5. Februar 2017 Cuba Sí - RG Paderborn

Offizieller Besuch aus Kuba in Paderborn

Yodier Cabrera (2.v.l.) im Gespräch mit kurdischen Studierenden.

Zu Besuch beim Leiter des Historischen Instituts Prof. Dr. Fäßler (2.v.l.).

Vor dem Dreihasenfenster.

Im Gespräch mit der Paderborner Cuba Sí Gruppe.

Am 3. Februar besuchte Yodier Cabrera Rosales vom Kubanischen Institut für Völ-kerfreundschaft die Solidaritätsgruppe Cuba Sí Paderborn. Die letzte Station seiner zehntägigen Rundreise, galt der Paderborner Gruppe, um diese persönlich kennenzulernen und sich von den örtlichen Gegebenheiten, in denen die Gruppe tätig ist, ein Bild zu machen.

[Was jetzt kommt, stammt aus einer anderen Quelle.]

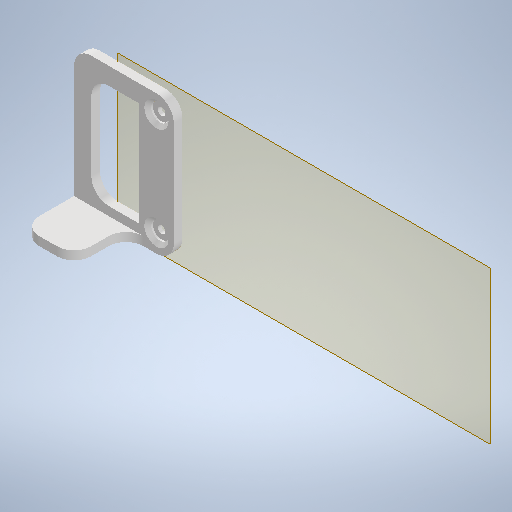
# Autodesk Inventor part: led 7 seg v3_stand
Saved by Autodesk Inventor 2026 (Build 300175000, 175)
## iProperties
Created: 2025-07-07
Part Number: led 7 seg v3_stand
Material: Generic
Document SubType Name: Modeling
Designer: Korobeynikov
Density: 1 g/cm^3
Appearance: Default
Author: Korobeynikov
Autodesk Inventor part; units mm, degrees
ref_plane "YZ Plane" through (0, 0, 0) normal (1, 0, 0) x (0, 1, 0)
ref_plane "XZ Plane" through (0, 0, 0) normal (0, 1, 0) x (-1, 0, 0)
ref_plane "XY Plane" through (0, 0, 0) normal (0, 0, 1) x (1, 0, 0)
ref_plane "Work Plane1" through (0, 0, 0) normal (0, 0, 1) x (1, 0, 0)
sketch "Sketch1" plane through (0, 0, 0) normal (0, 0, 1) x (1, 0, 0)
  circle A0 centre (-80, 29.5) radius 2.15 projected
  circle A1 centre (-80, -29.5) radius 2.15 projected
  line L0 (-127.5, 40) -> (-70, 40)
  line L1 (-70, 40) -> (-70, -40)
  line L2 (-70, -40) -> (-127.5, -40)
  line L3 (-127.5, -40) -> (-127.5, 40)
  line L4 (87.5, 40) -> (-87.5, 40) projected
  line L5 (-87.5, -40) -> (87.5, -40) projected
  line L6 (-97.5, 30) -> (-97.5, -30) projected
  line L7 (-117.5, 30) -> (-90, 30)
  line L8 (-90, 30) -> (-90, -30)
  line L9 (-90, -30) -> (-117.5, -30)
  line L10 (-117.5, -30) -> (-117.5, 30)
  point P0 (0, 0)
  point P1 (-117.5, 0)
  point P2 (-127.5, 0)
  dimension "d0" = 10
  dimension "d1" = 30
  dimension "d2" = 10
  dimension "d3" = 10
  dimension "d4" = 10
  constraints: 16 end point, 4 parallel, 2 horizontal, 2 midpoint, 2 perpendicular, 2 point on line, 1 horizontal alignment
  measures "d0" distance from line of L1 A0.centre
  measures "d1" distance between parallel lines of L3 L6
  measures "d2" distance between parallel lines of L0 L7
  measures "d3" distance between parallel lines of L3 L10
  measures "d4" distance from line of A0.centre L8
extrude "Extrusion1" add sketch "Sketch1" along normal blind 5
sketch "Sketch2" plane through (0, 0, 5) normal (0, 0, 1) x (1, 0, 0)
  line L0 (-127.5, -40) -> (-70, -40) projected
  line L1 (-127.5, -40) -> (-97.5, -40)
  line L2 (-97.5, -40) -> (-97.5, -35)
  line L3 (-97.5, -35) -> (-127.5, -35)
  line L4 (-127.5, -35) -> (-127.5, -40)
  line L5 (-97.5, 30) -> (-97.5, -30) projected
  point P0 (0, 0)
  dimension "d7" = 5
  dimension "d8" = 30
  constraints: 8 end point, 2 parallel, 1 horizontal, 1 perpendicular, 1 point on line
  measures "d7" distance of L1.end L2.end
  measures "d8" distance of L2.end L3.end
extrude "Extrusion2" add sketch "Sketch2" along normal blind 30
sketch "Sketch3" plane through (0, 0, 5) normal (0, 0, 1) x (1, 0, 0)
  circle A0 centre (-80, 29.5) radius 2.15 projected
  circle A1 centre (-80, 29.5) radius 5
  circle A2 centre (-80, -29.5) radius 2.15 projected
  circle A3 centre (-80, -29.5) radius 5
  point P0 (0, 0)
  dimension "d11" = 10
  dimension "d12" = 10
  constraints: 2 centre point, 2 coincident
  measures "d11" diameter of A1
  measures "d12" diameter of A3
extrude "Extrusion3" cut sketch "Sketch3" against normal blind 3
chamfer "Chamfer1" distance 2 angle 45 2 edges at (-85, 29.5, 5) (-85, -29.5, 5)
fillet "Fillet1" radius 10 3 edges at (-127.5, -37.5, 35) (-97.5, -37.5, 35) (-97.5, -37.5, 5)
fillet "Fillet2" radius 10 5 edges at (-127.5, 40, 2.5) (-117.5, 30, 2.5) (-117.5, -30, 2.5) (-70, 40, 2.5) (-70, -40, 2.5)
body "Solid1"
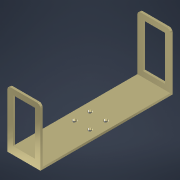
# Autodesk Inventor part: new-motor-base
Saved by Autodesk Inventor 2021 (Build 250183000, 183)
## iProperties
Created: 2021-02-13
Part Number: new-motor-base
Material: Generic
Document SubType Name: Modeling
Designer: vikki
Density: 1 g/cm^3
Appearance: Gold - Metal
Author: vikki
Autodesk Inventor part; units mm, degrees
ref_plane "YZ Plane" through (0, 0, 0) normal (1, 0, 0) x (0, 1, 0)
ref_plane "XZ Plane" through (0, 0, 0) normal (0, 1, 0) x (-1, 0, 0)
ref_plane "XY Plane" through (0, 0, 0) normal (0, 0, 1) x (1, 0, 0)
sketch "Sketch1" plane through (0, 0, 0) normal (0, 1, 0) x (-1, 0, 0)
  line L0 (-15, 60) -> (15, 60)
  line L1 (15, 60) -> (15, -60)
  line L2 (15, -60) -> (-15, -60)
  line L3 (-15, -60) -> (-15, 60)
  line L4 (-15, 60) -> (15, -60) construction
  line L5 (15, 60) -> (-15, -60) construction
  circle A0 centre (7.0711, -7.0711) radius 2
  line L6 (7.0711, -7.0711) -> (0, 0) construction
  circle A1 centre (0, 0) radius 65.2762 construction
  circle A2 centre (7.0711, 7.0711) radius 2
  circle A3 centre (-7.0711, 7.0711) radius 2
  circle A4 centre (-7.0711, -7.0711) radius 2
  dimension "d0" = 30
  dimension "d1" = 120
  dimension "d2" = 10
  dimension "d3" = 4
  dimension "d4" = 45
  dimension "d7" = 360
  constraints: 14 end point, 5 centre point, 2 midpoint, 2 parallel, 1 coincident, 1 horizontal, 1 perpendicular, 9 other
  measures "d0" distance of L1.end L2.end
  measures "d1" distance of L0.end L1.end
  measures "d2" distance of L6.end L6.start
  measures "d3" diameter of A0
  measures "d4" angle of L3 L6
extrude "Extrusion1" add sketch "Sketch1" along normal blind 2
sketch "Sketch2" plane through (0, 2, 0) normal (0, 1, 0) x (1, 0, 0)
  line L0 (15, 60) -> (-15, 60) projected
  line L1 (-15, 60) -> (15, 60)
  line L2 (15, 60) -> (15, 58)
  line L3 (15, 58) -> (-15, 58)
  line L4 (-15, 58) -> (-15, 60)
  line L5 (15, -60) -> (15, 60) projected
  point P0 (0, 0)
  dimension "d11" = 2
  constraints: 8 end point, 2 parallel, 1 collinear, 1 horizontal, 1 perpendicular
  measures "d11" distance of L1.end L2.end
extrude "Extrusion2" add sketch "Sketch2" along normal blind 60
sketch "Sketch3" plane through (15, 0, -60) normal (0, 0, -1) x (-1, 0, 0)
  line L0 (5, 54) -> (25, 54)
  line L1 (25, 54) -> (25, 14)
  line L2 (25, 14) -> (5, 14)
  line L3 (5, 14) -> (5, 54)
  line L4 (0, 0) -> (0, 62) projected
  line L5 (0, 62) -> (30, 62) projected
  point P0 (15, 0)
  dimension "d14" = 40
  dimension "d15" = 20
  dimension "d16" = 5
  dimension "d17" = 8
  constraints: 8 end point, 2 parallel, 1 horizontal, 1 perpendicular
  measures "d14" distance of L0.end L1.end
  measures "d15" distance of L1.end L2.end
  measures "d16" distance between parallel lines of L4 L3
  measures "d17" distance between parallel lines of L5 L0
extrude "Extrusion3" cut sketch "Sketch3" against normal up to surface (2 mm away)
fillet "Fillet1" radius 3 2 edges at (15, 62, -59) (-15, 62, -59)
mirror "Mirror1" about plane through (0, 0, 0) normal (0, 0, 1) of "Extrusion2", "Extrusion3", "Fillet1"
body "Solid1"
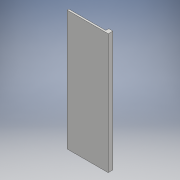
# Autodesk Inventor part: base
Saved by Autodesk Inventor 2018.2 (Build 222227000, 227)
## iProperties
Created: 2018-01-31
Part Number: base
Material: Generic
Document SubType Name: Modeling
Designer: wharr
Density: 1 g/cm^3
Appearance: Default
Author: wharr
Autodesk Inventor part; units mm, degrees
ref_plane "YZ Plane" through (0, 0, 0) normal (1, 0, 0) x (0, 1, 0)
ref_plane "XZ Plane" through (0, 0, 0) normal (0, 1, 0) x (-1, 0, 0)
ref_plane "XY Plane" through (0, 0, 0) normal (0, 0, 1) x (1, 0, 0)
sketch "Sketch1" plane through (0, 0, 0) normal (0, 1, 0) x (-1, 0, 0)
  line L0 (-35, 102.5) -> (35, 102.5)
  line L1 (35, 102.5) -> (35, -102.5)
  line L2 (35, -102.5) -> (-35, -102.5)
  line L3 (-35, -102.5) -> (-35, 102.5)
  line L4 (-35, 102.5) -> (35, -102.5) construction
  line L5 (35, 102.5) -> (-35, -102.5) construction
  point P0 (0, 0)
  dimension "d0" = 205
  dimension "d1" = 70
  constraints: 12 end point, 2 midpoint, 2 parallel, 1 horizontal, 1 perpendicular
  measures "d0" distance of L0.end L1.end
  measures "d1" distance of L1.end L2.end
extrude "Extrusion1" add sketch "Sketch1" along normal blind 3
sketch "Sketch2" plane through (0, 3, 0) normal (0, 1, 0) x (1, 0, 0)
  line L0 (-35, -102.5) -> (35, -102.5) projected
  line L1 (35, 102.5) -> (-35, 102.5) projected
  line L2 (35, -102.5) -> (28, -102.5)
  line L3 (28, -102.5) -> (28, 102.5)
  line L4 (28, 102.5) -> (35, 102.5)
  line L5 (35, 102.5) -> (35, -102.5)
  line L6 (30, 100.5) -> (30, -100.5)
  line L7 (30, -100.5) -> (33, -100.5)
  line L8 (33, -100.5) -> (33, 100.5)
  line L9 (33, 100.5) -> (30, 100.5)
  point P0 (0, 0)
  dimension "d4" = 7
  dimension "d5" = 2
  constraints: 16 end point, 4 parallel, 2 perpendicular, 1 horizontal, 1 point on line, 3 other
  measures "d4" distance between parallel lines of L5 L3
  measures "d5" distance between parallel lines of L3 L6
extrude "Extrusion2" add sketch "Sketch2" along normal blind 5
body "Solid1"
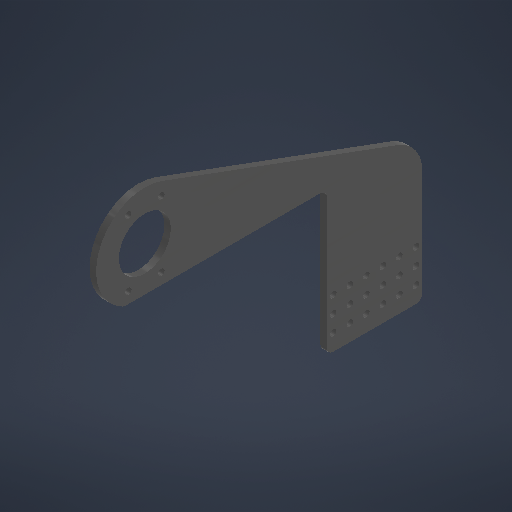
# Autodesk Inventor part: CHAPA FIXAÇÃO DIREITA 2
Saved by Autodesk Inventor 2026 (Build 300175000, 175)
## iProperties
Created: 2026-06-17
Part Number: CHAPA FIXAÇÃO DIREITA 2
Material: Genérico
Document SubType Name: Modeling
Designer: DELL
Density: 1 g/cm^3
Appearance: Cinza escuro
Author: DELL
Autodesk Inventor part; units mm, degrees
ref_plane "YZ Plane" through (0, 0, 0) normal (1, 0, 0) x (0, 1, 0)
ref_plane "XZ Plane" through (0, 0, 0) normal (0, 1, 0) x (-1, 0, 0)
ref_plane "XY Plane" through (0, 0, 0) normal (0, 0, 1) x (1, 0, 0)
sketch "Esboço1" plane through (0, 0, 0) normal (1, 0, 0) x (0, 1, 0)
  line L0 (0, 0) -> (50.8, 0)
  line L1 (50.8, 0) -> (50.8, -86.2)
  line L2 (50.8, -86.2) -> (0, -86.2)
  line L3 (0, -86.2) -> (0, 0)
  dimension "d0" = 50.8
  dimension "d1" = 86.2
  constraints: 8 end point, 2 parallel, 1 horizontal, 1 perpendicular
  measures "d0" distance of L1.end L2.end
  measures "d1" distance of L0.end L1.end
extrude "Extrusão1" add sketch "Esboço1" along normal blind 5
sketch "Esboço2" plane through (5, 0, 0) normal (1, 0, 0) x (0, 0, -1)
  circle A0 centre (5, 12.7) radius 2.5
  circle A1 centre (5, 25.4) radius 2.5
  circle A2 centre (5, 38.1) radius 2.5
  line L0 (0, 50.8) -> (0, 0) projected
  line L1 (86.2, 50.8) -> (0, 50.8) projected
  line L2 (0, 0) -> (86.2, 0) projected
  dimension "d4" = 5
  dimension "d5" = 5
  dimension "d6" = 5
  dimension "d7" = 5
  dimension "d8" = 5
  dimension "d9" = 5
  dimension "d10" = 12.7
  dimension "d11" = 12.7
  dimension "d12" = 12.7
  constraints: 3 centre point
  measures "d4" diameter of A0
  measures "d5" diameter of A1
  measures "d6" diameter of A2
  measures "d7" distance from line of L0 A0.centre
  measures "d8" distance from line of L0 A1.centre
  measures "d9" distance from line of L0 A2.centre
  measures "d10" distance from line of L1 A2.centre
  measures "d11" distance of A2.centre A1.centre
  measures "d12" distance of A1.centre A0.centre
extrude "Extrusão2" cut sketch "Esboço2" against normal blind 6
pattern_linear "Padrão retangular1" count 7 spacing 12.7 along (0, 0, -1) of "Extrusão2"
sketch "Esboço3" plane through (0, 0, 0) normal (-1, 0, 0) x (0, 0, 1)
  line L0 (0, 50.8) -> (0, 0) projected
  line L1 (0, 0) -> (-86.2, 0) projected
  line L2 (0, 50.8) -> (-50.8, 50.8)
  line L3 (-50.8, 50.8) -> (-50.8, 0)
  line L4 (-50.8, 0) -> (0, 0)
  line L5 (0, 0) -> (0, 50.8)
  circle A0 centre (-55.8, 25.4) radius 2.5 projected
  dimension "d19" = 5
  constraints: 8 end point, 2 parallel, 1 horizontal, 1 perpendicular, 1 point on line
  measures "d19" distance from line of A0.centre L3
extrude "Extrusão3" cut sketch "Esboço3" against normal blind 10 contours L0 L1 L3 L2
sketch "Esboço4" plane through (5, 0, 0) normal (1, 0, 0) x (0, 0, -1)
  line L0 (86.2, 0) -> (86.2, 50.8) projected
  line L1 (86.2, 50.8) -> (124.3, 50.8)
  line L2 (124.3, 50.8) -> (124.3, 0)
  line L3 (124.3, 0) -> (86.2, 0)
  line L4 (86.2, 0) -> (86.2, 50.8)
  circle A0 centre (93.9, 25.4) radius 2.5 projected
  circle A1 centre (93.9, 38.1) radius 2.5 projected
  circle A2 centre (106.6, 38.1) radius 2.5 projected
  circle A3 centre (119.3, 38.1) radius 2.5 projected
  circle A4 centre (119.3, 25.4) radius 2.5 projected
  circle A5 centre (106.6, 25.4) radius 2.5 projected
  circle A6 centre (93.9, 12.7) radius 2.5 projected
  circle A7 centre (106.6, 12.7) radius 2.5 projected
  circle A8 centre (119.3, 12.7) radius 2.5 projected
  point P0 (0, 0)
  dimension "d22" = 5
  dimension "d23" = 50.8
  constraints: 8 end point, 2 parallel, 1 horizontal, 1 perpendicular
  measures "d22" distance from line of L2 A4.centre
  measures "d23" distance of L1.end L2.end
extrude "Extrusão4" add sketch "Esboço4" against normal blind 5
sketch "Esboço7" plane through (5, 0, 0) normal (1, 0, 0) x (0, 0, -1)
  line L0 (124.3, 50.8) -> (50.8, 50.8) projected
  line L1 (124.3, 50.8) -> (124.3, 85.9607)
  circle A0 centre (95.7, 85.9607) radius 11.25 projected
  circle A1 centre (-89.125, 144.496) radius 17.5 projected
  circle A2 centre (95.7, 111.3607) radius 2.0193 projected
  circle A3 centre (77.7395, 103.9212) radius 2.0193 projected
  circle A4 centre (95.7, 60.5607) radius 2.0193 projected
  circle A5 centre (113.6605, 68.0002) radius 2.0193 projected
  circle A6 centre (-101.825, 169.896) radius 2.5 projected
  circle A7 centre (-76.425, 169.896) radius 2.5 projected
  circle A8 centre (-76.425, 119.096) radius 2.5 projected
  circle A9 centre (-101.825, 119.096) radius 2.5 projected
  arc A10 (-76.1735, 179.6885) -> (-105.0332, 110.5375) centre (-89.125, 144.496) ccw
  arc A11 (124.3, 85.9607) -> (105.5776, 112.8008) centre (95.7, 85.9607) ccw
  line L2 (50.8, 0) -> (50.8, 50.8) projected
  line L3 (50.8, 50.8) -> (50.8, 110.5375)
  line L4 (50.8, 110.5375) -> (-105.0332, 110.5375)
  line L5 (54.784, 109.5375) -> (24.05, 109.5375) projected
  line L6 (-76.1735, 179.6885) -> (105.5776, 112.8008)
  circle A12 centre (-89.125, 144.496) radius 20
  circle A13 centre (95.7, 85.9607) radius 14.25
  point P0 (0, 0)
  dimension "d36" = 75
  dimension "d37" = 1
  dimension "d38" = 40
  dimension "d39" = 28.5
  constraints: 8 end point, 4 centre point, 4 coincident, 4 point on circle, 3 tangent, 2 vertical, 1 perpendicular
  measures "d36" diameter of A10
  measures "d37" distance between parallel lines of L5 L4
  measures "d38" diameter of A12
  measures "d39" diameter of A13
extrude "Extrusão6" add sketch "Esboço7" against normal blind 5 contours L0 L3 L4 A10 L6 A11 L1
fillet "Arredondamento1" radius 5 4 edges at (2.5, 110.5375, -50.8) (2.5, 110.5375, 105.0332) (2.5, 0, -50.8) (2.5, 0, -124.3)
sketch "Esboço8" plane through (0, 0, 0) normal (-1, 0, 0) x (0, 0, 1)
  circle A0 centre (-95.7, 85.9607) radius 14.25 projected
  circle A1 centre (-113.6605, 68.0002) radius 2.0193 projected
  circle A2 centre (-95.7, 60.5607) radius 2.0193 projected
  circle A3 centre (-95.7, 111.3607) radius 2.0193 projected
  circle A4 centre (-77.7395, 103.9212) radius 2.0193 projected
  point P0 (0, 0)
extrude "Extrusão7" add sketch "Esboço8" against normal blind 5
equation "\"d8\" = d7"
equation "\"d9\" = d8"
equation "\"d11\" = d10"
equation "\"d12\" = d11"

Am Mittag lud die Regionalgruppe von Cuba Sí den ICAP-Vertreter zu einer Besichtigung der Universität Paderborn ein. Neben einem Rundgang über den Campus, gab es auch zwei Ortstermine. Zunächst trafen sie sich mit Vertretern der Kurdischen Studierendenvereinigung (KurdS-PB) der Universität. Einerseits erfuhr Yodier Cabrera etwas über die Aufgaben der Hochschulgruppe und dessen Aufklärungsarbeit, andererseits informierte er die Studierenden über seine Aufgaben im ICAP sowie über dessen Geschichte. „Wir vom ICAP möchten den Menschen die Möglichkeit geben, ein reales Bild, abseits der Klischees, von Kuba zu bekommen. Insbesondere junge Menschen möchten wir mit unserer Arbeit erreichen. Deshalb ist es auch wichtig, dass es so junge Gruppen wie Cuba Sí Paderborn gibt, die den Kontakt mit anderen Gruppen junger Menschen vor Ort pflegen.“, so Yodier Cabrera.

Cabrera weiter: „Unser wichtigstes Anliegen ist die Beendigung der US-Blockade gegen Kuba. Viele Menschen glauben, dass diese bereits aufgehoben sei, dem ist leider nicht so. Außerdem fordern wir die Schließung der US-Marinebasis und die Rückgabe des illegal besetzten Gebietes in Guantánamo sowie die Beendigung subversiver Aktionen seitens der US-Regierung gegen unser Land. Ich würde mich sehr freuen, euch in Kuba willkommen zu heißen. Nutzt die Chance und nehmt an den jährlichen Brigaden teil. Damit erhaltet ihr die Möglichkeit, zu direkten Kontakten mit der kubanischen Bevölkerung zu erhalten.“ 

Nachdem etwa einstündigen Gespräch mit der kurdischen Hochschulgruppe ging es zum nächsten Termin mit Prof. Dr. Peter Fäßler, Sprecher des Historischen Instituts der Universität. Dieser hatte im September 2016 erstmals eine Exkursion nach Kuba angeboten und u. a. das ICAP in Havanna besucht. Entsprechend groß war die Freude des Wiedersehens auf beiden Seiten. Während des Gesprächs erläuterte Prof. Dr. Fäßler nicht nur die Aufgaben des Historischen Instituts, er sprach mit dem Gast aus Kuba auch über das große Interesse der Universität Paderborn an einer Kooperation mit der Universität in Havanna habe. Auch auf kubanischer Seite besteht großes Interesse an einer offiziellen Zusammenarbeit mit der Universität. „Ich würde mich sehr darüber freuen, wenn das klappen sollte.“ so Cabrera.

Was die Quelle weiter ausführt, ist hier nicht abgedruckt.